A big part of it can be summed up in the luck analysis. It demonstrates how much success depends on choices and decisions, rather than circumstance and luck. Another part has to do with helping people ignore all the stuff that’s just noise.
What do you mean?
I mean it’s easy to spend a lot of energy on things that really don’t make a difference. You hear about this new trend or that new development, and you wonder if and how you should respond. Yes, you need to pay attention to how your world is changing. But it can also lead to confusion. There is great simplifying power in being able to say, “We need to start first with whatever problem we have.” It’s a decluttering mechanism. You don’t have to be distracted by the stuff that’s not going to determine whether or not you’re successful.
Jim Collins’s Plan for Growing Companies
Hedgehogs, Cannonballs, BHAGs, and Bullets
Jim Collins has spent a career probing the inner workings of great companies. Below, he boils 25 years of research into 12 questions that leaders must grapple with if they truly want to excel. Collins’s advice: Be systematic. Every month, have your leadership team discuss one of the following questions. Repeat the process annually for five years.
1. Do we want to build a great company, and are we willing to do what it takes?
It begins by making a choice, with a clear understanding of what that choice entails.
2. Do we have the right people on the bus and in the key seats?

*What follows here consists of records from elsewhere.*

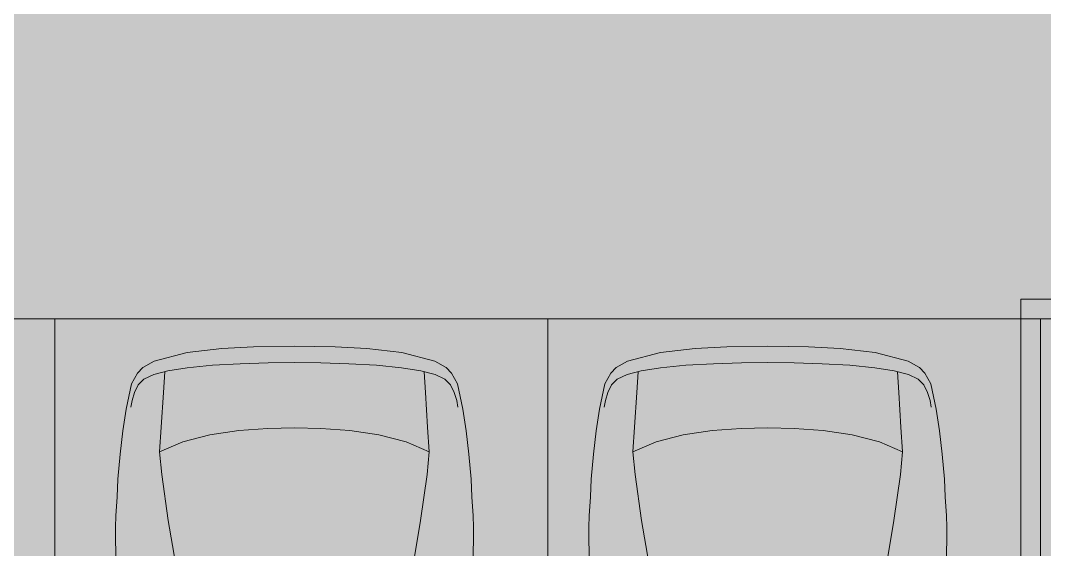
# Model space of a CAD drawing. Header units: millimetres. Extents: x 132836 to 1862386, y -330276 to -143438.
# Drawn here: x 245363 to 250557, y -266857 to -264173 of the extents above; entities that cross this region are included whole.
import ezdxf

# ---------------------------------------------------------------- set-up
doc = ezdxf.new("R2010")
doc.units = ezdxf.units.MM
doc.header["$MEASUREMENT"] = 0
for name, color, linetype in [('Extérieur - Environnement', 7, 'Continuous'), ('Sols_ Dalles', 7, 'Continuous'), ('Structure - Murs extérieurs', 7, 'Continuous')]:
    doc.layers.add(name, color=color, linetype=linetype)

msp = doc.modelspace()

# ---------------------------------------------------------------- hatches: boundary and pattern name
at = {"linetype": 'Continuous', "lineweight": 0, "true_color": 0x6f6f6f}
h = msp.add_hatch(color=8, dxfattribs=at)
h.paths.add_polyline_path([(141848.442, -275935.042), (141848.442, -295062.571), (269220.821, -293826.868), (269220.821, -270902.734), (268763.049, -270902.734), (254213.6, -271040.575), (254213.6, -163437.635), (153156.2, -163437.635), (153156.2, -271040.575), (153182.962, -271040.57), (153183.146, -272000.514, -0.40942736), (149183.681, -275935.042)])
h.paths.add_polyline_path([(158435.584, -260639.953), (155145.584, -260639.953), (155145.584, -248364.953), (155145.584, -243089.974), (155145.584, -242189.974), (158435.584, -242189.974)], flags=0)
h.paths.add_polyline_path([(196775.042, -260810.571), (196775.042, -222495.57), (186955.542, -222495.57), (186955.542, -218295.57), (196754.55, -218295.57), (196754.55, -208495.57), (196754.55, -204495.57), (193355.542, -204495.57), (193355.542, -201780.57), (193355.542, -195161.535), (195576.034, -195161.535), (195576.034, -189810.571), (217850.068, -189810.571), (217850.068, -262266.885), (245610.045, -262266.885), (245610.045, -253395.571), (245626.034, -253395.571), (246426.034, -253395.571), (247826.034, -253395.571), (247826.034, -248005.571), (247826.034, -246605.571), (245626.034, -246605.571), (245610.045, -246605.571), (245610.045, -171995.57), (212806.28, -171995.57), (161503.433, -171995.57), (161503.433, -193810.571), (161503.433, -230015.57), (161503.433, -260810.571)], flags=0)
h.paths.add_polyline_path([(162737.042, -269433.913, -0.09031866), (162858.773, -268727.623, -0.20144873), (163912.639, -267592.74, -0.10421145), (164718.006, -267415.055), (165317.979, -267409.371, -0.10404461), (166125.354, -267571.244, -0.23825546), (167284.257, -268953.318, -0.05518862), (167336.836, -269390.334), (167338.931, -269611.438), (167351.046, -270890.267), (167092.583, -271892.761, -0.26794919), (165370.083, -272909.124), (164770.11, -272914.808, -0.19371746), (163379.252, -272370.185, -0.07056876), (163028.663, -271931.262, -0.1316525), (162751.253, -270933.845)], flags=0)
h.paths.add_polyline_path([(173316.986, -273599.031), (173316.986, -273452.052), (173330.488, -267377.824, -0.3805567), (175316.986, -265609.826), (175394.714, -265609.826), (175394.714, -270609.826), (190394.714, -270609.826), (190394.714, -265609.826), (195356.191, -265609.826, -0.41421356), (196856.191, -267109.826), (196856.191, -273660.699, -0.34550161), (195137.285, -275433.432), (175327.752, -275599.002, -0.4157911)], flags=0)
h.paths.add_polyline_path([(205510.093, -271504.083, -0.13447393), (205230.948, -270484.937), (205230.948, -268984.937, -0.41421356), (207230.948, -266984.937), (207830.948, -266984.937, -0.41421356), (209830.948, -268984.937), (209830.948, -270484.937, -0.12882035), (209574.03, -271465.581, -0.27093629), (207830.948, -272484.937), (207230.948, -272484.937, -0.26498)], flags=0)
h.paths.add_polyline_path([(217862.687, -273329.325), (217869.949, -267730.336, -0.09856151), (218100.718, -266943.721), (218117.681, -266951.545, -0.258849), (219955.479, -265605.827), (219953.141, -265587.294), (220637.569, -265587.294), (220637.569, -265687.294), (220637.569, -270687.294), (250537.569, -270687.294), (250537.569, -265687.294), (252208.004, -265687.294), (254186.294, -265687.294), (254186.294, -267687.294), (254186.294, -271062.255, 0.00134576), (254186.323, -271073.021), (254197.209, -273095.233, -0.41421356), (252208.004, -275105.97), (243484.534, -275105.97, -0.00518896), (243431.438, -275116.103), (235447.992, -275196.191), (220071.012, -275253.24, -0.38655333), (217873.089, -273475.385, -0.02518922)], flags=0)
at = {"linetype": 'Continuous', "lineweight": 0, "true_color": 0xa7a7a7}
msp.add_hatch(color=253, dxfattribs=at).paths.add_polyline_path([(237379.849, -266301.745, 1), (247379.849, -266301.745, 1)])
at = {"layer": 'Sols_ Dalles', "linetype": 'Continuous', "lineweight": 0, "true_color": 0x2e271c}
msp.add_hatch(color=250, dxfattribs=at).paths.add_polyline_path([(217961.309, -273253.269, 0.4157911), (219972.076, -275253.24), (252109.067, -275105.97, 0.41421356), (254098.272, -273095.233), (254087.386, -271073.021, -0.00134576), (254087.357, -271062.255), (254087.357, -267687.294), (254087.357, -265687.294), (250537.569, -265687.294), (250537.569, -270787.292), (250537.729, -271092.129), (250548.615, -273114.341), (220537.569, -273253.269), (220537.569, -270687.294), (220537.569, -265687.294), (219961.309, -265687.294, 0.25884891), (218113.763, -267154.752, 0.09856162), (217961.309, -267920.633)])

# ---------------------------------------------------------------- linework, layer by layer
at = {"color": 9, "linetype": 'Continuous', "lineweight": 5}
msp.add_lwpolyline([(217873.089, -273475.385, 0.38655333), (220071.012, -275253.24), (235447.992, -275196.191), (243431.438, -275116.103, 0.00518896), (243484.534, -275105.97), (252208.004, -275105.97, 0.41421356), (254197.209, -273095.233), (254186.323, -271073.021, -0.00134576), (254186.294, -271062.255), (254186.294, -267687.294), (254186.294, -265687.294), (252208.004, -265687.294), (250537.569, -265687.294), (250537.569, -270687.294), (220637.569, -270687.294), (220637.569, -265687.294), (220637.569, -265587.294), (219953.141, -265587.294), (219955.479, -265605.827, 0.258849), (218117.681, -266951.545), (218100.718, -266943.721, 0.09856151), (217869.949, -267730.336), (217862.687, -273329.325, 0.02518922)], format="xyb", close=True, dxfattribs=at)
at = {"color": 255, "linetype": 'Continuous', "lineweight": 5, "flags": 128}
for points in [[(245537.569, -265687.294), (243037.569, -265687.294)], [(245537.569, -265687.294), (245537.569, -270687.294)], [(248037.569, -265687.294), (245537.569, -265687.294)], [(245537.569, -270687.294), (245537.569, -265687.294)], [(248037.569, -265687.294), (248037.569, -270687.294)], [(250537.569, -265687.294), (248037.569, -265687.294)], [(248037.569, -270687.294), (248037.569, -265687.294)], [(250537.569, -270687.294), (250537.569, -265687.294)]]:
    msp.add_lwpolyline(points, dxfattribs=at)
at = {"color": 253, "linetype": 'Continuous', "lineweight": 5, "true_color": 0x9f9f9f, "flags": 128}
msp.add_lwpolyline([(250537.569, -265687.294), (250537.569, -271062.255)], dxfattribs=at)
at = {"layer": 'Extérieur - Environnement', "color": 7, "linetype": 'Continuous', "lineweight": 13}
for p, q in [((246207.877, -265858.076), (246040.853, -265900.703)), ((246040.853, -265900.703), (246207.877, -265858.076)), ((246384.817, -265837.164), (246207.877, -265858.076)), ((246207.877, -265858.076), (246384.817, -265837.164)), ((246544.946, -265828.356), (246384.817, -265837.164)), ((246384.817, -265837.164), (246544.946, -265828.356)), ((246752.389, -265825.764), (246544.946, -265828.356)), ((246544.946, -265828.356), (246752.389, -265825.764)), ((246959.832, -265828.356), (246752.389, -265825.764)), ((246959.832, -265828.356), (246752.389, -265825.764)), ((247119.961, -265837.164), (246959.832, -265828.356)), ((247119.961, -265837.164), (246959.832, -265828.356)), ((247296.901, -265858.076), (247119.961, -265837.164)), ((247296.901, -265858.076), (247119.961, -265837.164)), ((247463.925, -265900.703), (247296.901, -265858.076)), ((247463.925, -265900.703), (247296.901, -265858.076)), ((248608.94, -265858.076), (248441.916, -265900.703)), ((248441.916, -265900.703), (248608.94, -265858.076)), ((248785.88, -265837.164), (248608.94, -265858.076)), ((248608.94, -265858.076), (248785.88, -265837.164)), ((248946.009, -265828.356), (248785.88, -265837.164)), ((248785.88, -265837.164), (248946.009, -265828.356)), ((249153.452, -265825.764), (248946.009, -265828.356)), ((248946.009, -265828.356), (249153.452, -265825.764)), ((249360.895, -265828.356), (249153.452, -265825.764)), ((249360.895, -265828.356), (249153.452, -265825.764)), ((249521.024, -265837.164), (249360.895, -265828.356)), ((249521.024, -265837.164), (249360.895, -265828.356)), ((249697.964, -265858.076), (249521.024, -265837.164)), ((249697.964, -265858.076), (249521.024, -265837.164)), ((249864.988, -265900.703), (249697.964, -265858.076)), ((249864.988, -265900.703), (249697.964, -265858.076)), ((246040.853, -265900.703), (245983.257, -265932.912)), ((245983.257, -265932.912), (246040.853, -265900.703)), ((246476.713, -265914.145), (246619.262, -265909.477)), ((246619.262, -265909.477), (246752.389, -265908.163)), ((246885.516, -265909.477), (246752.389, -265908.163)), ((247028.065, -265914.145), (246885.516, -265909.477)), ((247521.521, -265932.912), (247463.925, -265900.703)), ((247521.521, -265932.912), (247463.925, -265900.703)), ((248441.916, -265900.703), (248384.32, -265932.912)), ((248384.32, -265932.912), (248441.916, -265900.703)), ((248877.776, -265914.145), (249020.325, -265909.477)), ((249020.325, -265909.477), (249153.452, -265908.163)), ((249286.579, -265909.477), (249153.452, -265908.163)), ((249429.128, -265914.145), (249286.579, -265909.477)), ((249922.584, -265932.912), (249864.988, -265900.703)), ((249922.584, -265932.912), (249864.988, -265900.703)), ((245956.395, -265961.821), (245925.744, -266016.54)), ((245925.744, -266016.54), (245956.395, -265961.821)), ((245983.257, -265932.912), (245956.395, -265961.821)), ((245956.395, -265961.821), (245983.257, -265932.912)), ((246110.627, -265950.545), (246038.703, -265969.4)), ((246094.662, -265954.731), (246087.53, -266059.811)), ((246110.627, -265950.545), (246208.944, -265935.102)), ((246208.926, -265935.105), (246336.154, -265922.562)), ((246336.154, -265922.562), (246476.713, -265914.145)), ((247168.624, -265922.562), (247028.065, -265914.145)), ((247295.852, -265935.105), (247168.624, -265922.562)), ((247394.151, -265950.545), (247295.834, -265935.102)), ((247394.151, -265950.545), (247466.075, -265969.4)), ((247410.116, -265954.731), (247417.248, -266059.811)), ((247548.383, -265961.821), (247521.521, -265932.912)), ((247548.383, -265961.821), (247521.521, -265932.912)), ((247579.034, -266016.54), (247548.383, -265961.821)), ((247579.034, -266016.54), (247548.383, -265961.821)), ((248357.458, -265961.821), (248326.807, -266016.54)), ((248326.807, -266016.54), (248357.458, -265961.821)), ((248384.32, -265932.912), (248357.458, -265961.821)), ((248357.458, -265961.821), (248384.32, -265932.912)), ((248511.69, -265950.545), (248439.766, -265969.4)), ((248495.725, -265954.731), (248488.593, -266059.811)), ((248511.69, -265950.545), (248610.007, -265935.102)), ((248609.989, -265935.105), (248737.217, -265922.562)), ((248737.217, -265922.562), (248877.776, -265914.145)), ((249569.687, -265922.562), (249429.128, -265914.145)), ((249696.915, -265935.105), (249569.687, -265922.562)), ((249795.214, -265950.545), (249696.897, -265935.102)), ((249795.214, -265950.545), (249867.138, -265969.4)), ((249811.179, -265954.731), (249818.311, -266059.811)), ((249949.446, -265961.821), (249922.584, -265932.912)), ((249949.446, -265961.821), (249922.584, -265932.912)), ((249980.097, -266016.54), (249949.446, -265961.821)), ((249980.097, -266016.54), (249949.446, -265961.821)), ((245925.744, -266016.54), (245898.848, -266145.59)), ((245898.848, -266145.59), (245925.744, -266016.54)), ((245960.404, -266022.127), (245989.025, -265991.939)), ((245989.025, -265991.939), (246038.703, -265969.4)), ((247515.753, -265991.939), (247466.075, -265969.4)), ((247544.374, -266022.127), (247515.753, -265991.939)), ((247605.93, -266145.59), (247579.034, -266016.54)), ((247605.93, -266145.59), (247579.034, -266016.54)), ((248326.807, -266016.54), (248299.911, -266145.59)), ((248299.911, -266145.59), (248326.807, -266016.54)), ((248361.467, -266022.127), (248390.088, -265991.939)), ((248390.088, -265991.939), (248439.766, -265969.4)), ((249916.816, -265991.939), (249867.138, -265969.4)), ((249945.437, -266022.127), (249916.816, -265991.939)), ((250006.993, -266145.59), (249980.097, -266016.54)), ((250006.993, -266145.59), (249980.097, -266016.54)), ((245929.261, -266101.535), (245941.542, -266060.723)), ((245941.542, -266060.723), (245960.404, -266022.127)), ((246087.53, -266059.811), (246076.634, -266235.469)), ((247417.248, -266059.811), (247428.144, -266235.469)), ((247563.236, -266060.723), (247544.374, -266022.127)), ((247575.517, -266101.535), (247563.236, -266060.723)), ((248330.325, -266101.535), (248342.605, -266060.723)), ((248342.605, -266060.723), (248361.467, -266022.127)), ((248488.593, -266059.811), (248477.697, -266235.469)), ((249818.311, -266059.811), (249829.207, -266235.469)), ((249964.299, -266060.723), (249945.437, -266022.127)), ((249976.58, -266101.535), (249964.299, -266060.723)), ((245922.864, -266135.297), (245929.261, -266101.535)), ((247581.914, -266135.297), (247575.517, -266101.535)), ((248323.927, -266135.297), (248330.325, -266101.535)), ((249982.977, -266135.297), (249976.58, -266101.535)), ((245898.848, -266145.59), (245881.554, -266254.371)), ((245898.848, -266145.59), (245881.554, -266254.371)), ((247623.224, -266254.371), (247605.93, -266145.59)), ((247605.93, -266145.59), (247623.224, -266254.371)), ((248299.911, -266145.59), (248282.617, -266254.371)), ((248299.911, -266145.59), (248282.617, -266254.371)), ((250024.287, -266254.371), (250006.993, -266145.59)), ((250006.993, -266145.59), (250024.287, -266254.371)), ((245881.555, -266254.36), (245867.732, -266372.439)), ((245881.555, -266254.36), (245867.732, -266372.439)), ((245881.554, -266254.371), (245881.555, -266254.36)), ((246076.634, -266235.469), (246068.343, -266361.049)), ((246323.551, -266275.57), (246185.731, -266310.612)), ((246471.107, -266253.728), (246323.551, -266275.57)), ((246617.636, -266242.406), (246471.107, -266253.728)), ((246752.389, -266238.96), (246617.636, -266242.406)), ((246752.389, -266238.96), (246887.142, -266242.406)), ((246887.142, -266242.406), (247033.671, -266253.728)), ((247033.671, -266253.728), (247181.227, -266275.57)), ((247181.227, -266275.57), (247319.047, -266310.612)), ((247428.144, -266235.469), (247436.435, -266361.049)), ((247623.222, -266254.36), (247637.046, -266372.439)), ((247637.046, -266372.439), (247623.224, -266254.371)), ((248282.619, -266254.36), (248268.795, -266372.439)), ((248282.619, -266254.36), (248268.795, -266372.439)), ((248282.617, -266254.371), (248282.619, -266254.36)), ((248477.697, -266235.469), (248469.406, -266361.049)), ((248724.614, -266275.57), (248586.794, -266310.612)), ((248872.17, -266253.728), (248724.614, -266275.57)), ((249018.699, -266242.406), (248872.17, -266253.728)), ((249153.452, -266238.96), (249018.699, -266242.406)), ((249153.452, -266238.96), (249288.205, -266242.406)), ((249288.205, -266242.406), (249434.734, -266253.728)), ((249434.734, -266253.728), (249582.29, -266275.57)), ((249582.29, -266275.57), (249720.11, -266310.612)), ((249829.207, -266235.469), (249837.498, -266361.049)), ((250024.286, -266254.36), (250038.109, -266372.439)), ((250038.109, -266372.439), (250024.287, -266254.371)), ((246185.731, -266310.612), (246068.41, -266361.74)), ((247319.047, -266310.612), (247436.367, -266361.74)), ((248586.794, -266310.612), (248469.474, -266361.74)), ((249720.11, -266310.612), (249837.431, -266361.74)), ((245867.732, -266372.439), (245856.209, -266500.926)), ((245856.209, -266500.926), (245867.732, -266372.439)), ((246068.343, -266361.049), (246079.684, -266476.985)), ((247436.435, -266361.049), (247425.094, -266476.985)), ((247648.569, -266500.926), (247637.046, -266372.439)), ((247648.569, -266500.926), (247637.046, -266372.439)), ((248268.795, -266372.439), (248257.272, -266500.926)), ((248257.272, -266500.926), (248268.795, -266372.439)), ((248469.406, -266361.049), (248480.747, -266476.985)), ((249837.498, -266361.049), (249826.158, -266476.985)), ((250049.632, -266500.926), (250038.109, -266372.439)), ((250049.632, -266500.926), (250038.109, -266372.439)), ((246079.684, -266476.985), (246112.483, -266709.08)), ((247425.094, -266476.985), (247392.295, -266709.08)), ((248480.747, -266476.985), (248513.546, -266709.08)), ((249826.158, -266476.985), (249793.358, -266709.08)), ((245856.209, -266500.926), (245852.413, -266589.935)), ((245852.413, -266589.935), (245856.209, -266500.926)), ((247652.365, -266589.935), (247648.569, -266500.926)), ((247652.365, -266589.935), (247648.569, -266500.926)), ((248257.272, -266500.926), (248253.476, -266589.935)), ((248253.476, -266589.935), (248257.272, -266500.926)), ((250053.428, -266589.935), (250049.632, -266500.926)), ((250053.428, -266589.935), (250049.632, -266500.926)), ((245852.413, -266589.935), (245845.988, -266685.688)), ((245845.988, -266685.688), (245852.413, -266589.935)), ((247658.789, -266685.688), (247652.365, -266589.935)), ((247658.789, -266685.688), (247652.365, -266589.935)), ((248253.476, -266589.935), (248247.052, -266685.688)), ((248247.052, -266685.688), (248253.476, -266589.935)), ((250059.853, -266685.688), (250053.428, -266589.935)), ((250059.853, -266685.688), (250053.428, -266589.935)), ((245845.988, -266685.688), (245844.224, -266743.57)), ((245844.224, -266743.57), (245845.988, -266685.688)), ((247660.554, -266743.57), (247658.789, -266685.688)), ((247660.554, -266743.57), (247658.789, -266685.688)), ((248247.052, -266685.688), (248245.287, -266743.57)), ((248245.287, -266743.57), (248247.052, -266685.688)), ((250061.617, -266743.57), (250059.853, -266685.688)), ((250061.617, -266743.57), (250059.853, -266685.688)), ((245844.224, -266743.57), (245844.179, -266812.144)), ((245844.224, -266743.57), (245844.179, -266812.144)), ((246112.483, -266709.08), (246148.655, -266924.692)), ((247392.295, -266709.08), (247356.123, -266924.692)), ((247660.599, -266812.144), (247660.554, -266743.57)), ((247660.554, -266743.57), (247660.599, -266812.144)), ((248245.287, -266743.57), (248245.242, -266812.144)), ((248245.287, -266743.57), (248245.242, -266812.144)), ((248513.546, -266709.08), (248549.718, -266924.692)), ((249793.358, -266709.08), (249757.186, -266924.692)), ((250061.662, -266812.144), (250061.617, -266743.57)), ((250061.617, -266743.57), (250061.662, -266812.144)), ((245844.179, -266812.144), (245851.44, -267015.116)), ((245851.44, -267015.116), (245844.179, -266812.144)), ((247653.338, -267015.116), (247660.599, -266812.144)), ((247653.338, -267015.116), (247660.599, -266812.144)), ((248245.242, -266812.144), (248252.504, -267015.116)), ((248252.504, -267015.116), (248245.242, -266812.144)), ((250054.401, -267015.116), (250061.662, -266812.144)), ((250054.401, -267015.116), (250061.662, -266812.144))]:
    msp.add_line(p, q, dxfattribs=at)
at = {"layer": 'Sols_ Dalles', "color": 7, "linetype": 'Continuous', "lineweight": 5, "flags": 128}
msp.add_lwpolyline([(217961.309, -273253.269, 0.4157911), (219972.076, -275253.24), (252109.067, -275105.97, 0.41421356), (254098.272, -273095.233), (254087.386, -271073.021, -0.00134576), (254087.357, -271062.255), (254087.357, -267687.294), (254087.357, -265687.294), (250537.569, -265687.294), (250537.569, -270787.292), (250537.729, -271092.129), (250548.615, -273114.341), (220537.569, -273253.269), (220537.569, -270687.294), (220537.569, -265687.294), (219961.309, -265687.294, 0.25884891), (218113.763, -267154.752, 0.09856162), (217961.309, -267920.633)], format="xyb", close=True, dxfattribs=at)
at = {"layer": 'Sols_ Dalles', "color": 250, "linetype": 'Continuous', "lineweight": 5, "true_color": 0x1f1f1f}
msp.add_lwpolyline([(217961.309, -273253.269, 0.4157911), (219972.076, -275253.24), (252109.067, -275105.97, 0.41421356), (254098.272, -273095.233), (254087.386, -271073.021, -0.00134576), (254087.357, -271062.255), (254087.357, -267687.294), (254087.357, -265687.294), (250537.569, -265687.294), (250537.569, -270787.292), (250537.729, -271092.129), (250548.615, -273114.341), (220537.569, -273253.269), (220537.569, -270687.294), (220537.569, -265687.294), (219961.309, -265687.294, 0.25884891), (218113.763, -267154.752, 0.09856162), (217961.309, -267920.633)], format="xyb", close=True, dxfattribs=at)
at = {"layer": 'Structure - Murs extérieurs', "color": 7, "linetype": 'Continuous', "lineweight": 5, "flags": 128}
for points in [[(254087.357, -265587.294), (250537.569, -265587.294), (250437.569, -265587.294), (250437.569, -265687.294), (250437.569, -270687.292), (220637.569, -270687.292), (220637.569, -265687.294), (220637.569, -265587.294), (220537.569, -265587.294), (219953.141, -265587.294, 0.25972716), (218021.387, -267116.457, 0.0985618), (217861.309, -267920.633), (217861.309, -273253.269, 0.41578544), (219972.573, -275353.239), (252109.564, -275205.969, 0.41421921)], [(252109.067, -275105.97), (219972.076, -275253.24, -0.4157911), (217961.309, -273253.269), (217961.309, -267920.633, -0.09856162), (218113.763, -267154.752, -0.2588489), (219961.309, -265687.294), (220537.569, -265687.294), (220537.569, -270687.292), (220537.569, -270787.292), (220637.569, -270787.292), (250437.569, -270787.292), (250537.569, -270787.292), (250537.569, -270687.292), (250537.569, -265687.294), (254087.357, -265687.294)]]:
    msp.add_lwpolyline(points, format="xyb", dxfattribs=at)
at = {"layer": 'Structure - Murs extérieurs', "color": 7, "linetype": 'Continuous', "lineweight": 5}
for points in [[(250437.569, -265587.294), (250437.569, -265687.294)], [(254087.357, -265587.294), (250437.569, -265587.294)], [(250437.569, -265687.294), (250437.569, -270687.292)], [(250537.569, -265687.294), (254087.357, -265687.294)], [(250537.569, -270687.292), (250537.569, -265687.294)]]:
    msp.add_lwpolyline(points, dxfattribs=at)

doc.saveas('drawing.dxf')

You need to decide whom you do and don’t want to have with you. You should do that even before deciding exactly where you want to go.
3. What are the brutal facts?
You can’t make good decisions if you don’t confront the facts, especially the most troubling ones, those that could represent a serious threat to your survival. The key is to do it without losing faith.
4. What is our hedgehog: What can we be the best at, with an economic engine, and for which we have unbounded passion?
“The fox knows many things, but the hedgehog knows one big thing,” wrote Isaiah Berlin. Your hedgehog combines your passion and your special talents with what you can make money doing.
5. What is our 20-Mile March, and are we hitting it?
That is, what is the specific performance goal you’ve made a commitment to meeting year in and year out, in good times and bad, and how are you doing with it?
6. Where should we place our big bets, based on empirical validation?
You should devote major resources to a new initiative (fire a cannonball) only if you already know it’s likely to succeed. That means first conducting low-cost, low-risk tests on a range of possibilities (shooting bullets).
7. What are the core values and core purpose on which we want to build this enterprise for 100 years?
The challenge is not just to build a company that can endure, but to build one that is worthy of enduring.
8. What is our 15- to 25-year BHAG?
To build a great, enduring company, you need a Big Hairy Audacious Goal that is tangible, energizing, and highly focused and that people can understand immediately with little or no explanation.
9. What could kill us, and how can we protect our flanks?
Paranoia is productive when it helps you survive the inevitable bad surprises that will come along and avoid the disasters that they are capable of producing.
10. What should we stop doing, to increase our discipline and focus?
In creating a culture of discipline, it’s as important to determine what you should not be doing as it is to know what you should be doing.
11. How can we increase our return on luck?
All companies experience both good and bad luck. It’s what you do with your luck that counts. How can you get the most benefit from it either way, and how can you minimize any damage that a run of bad luck will cause?
12. Are we becoming a Level 5 leadership team and cultivating a Level 5 management culture?
The fifth, and highest, level of leadership builds enduring greatness through a paradoxical blend of personal humility and professional will. Are you providing it?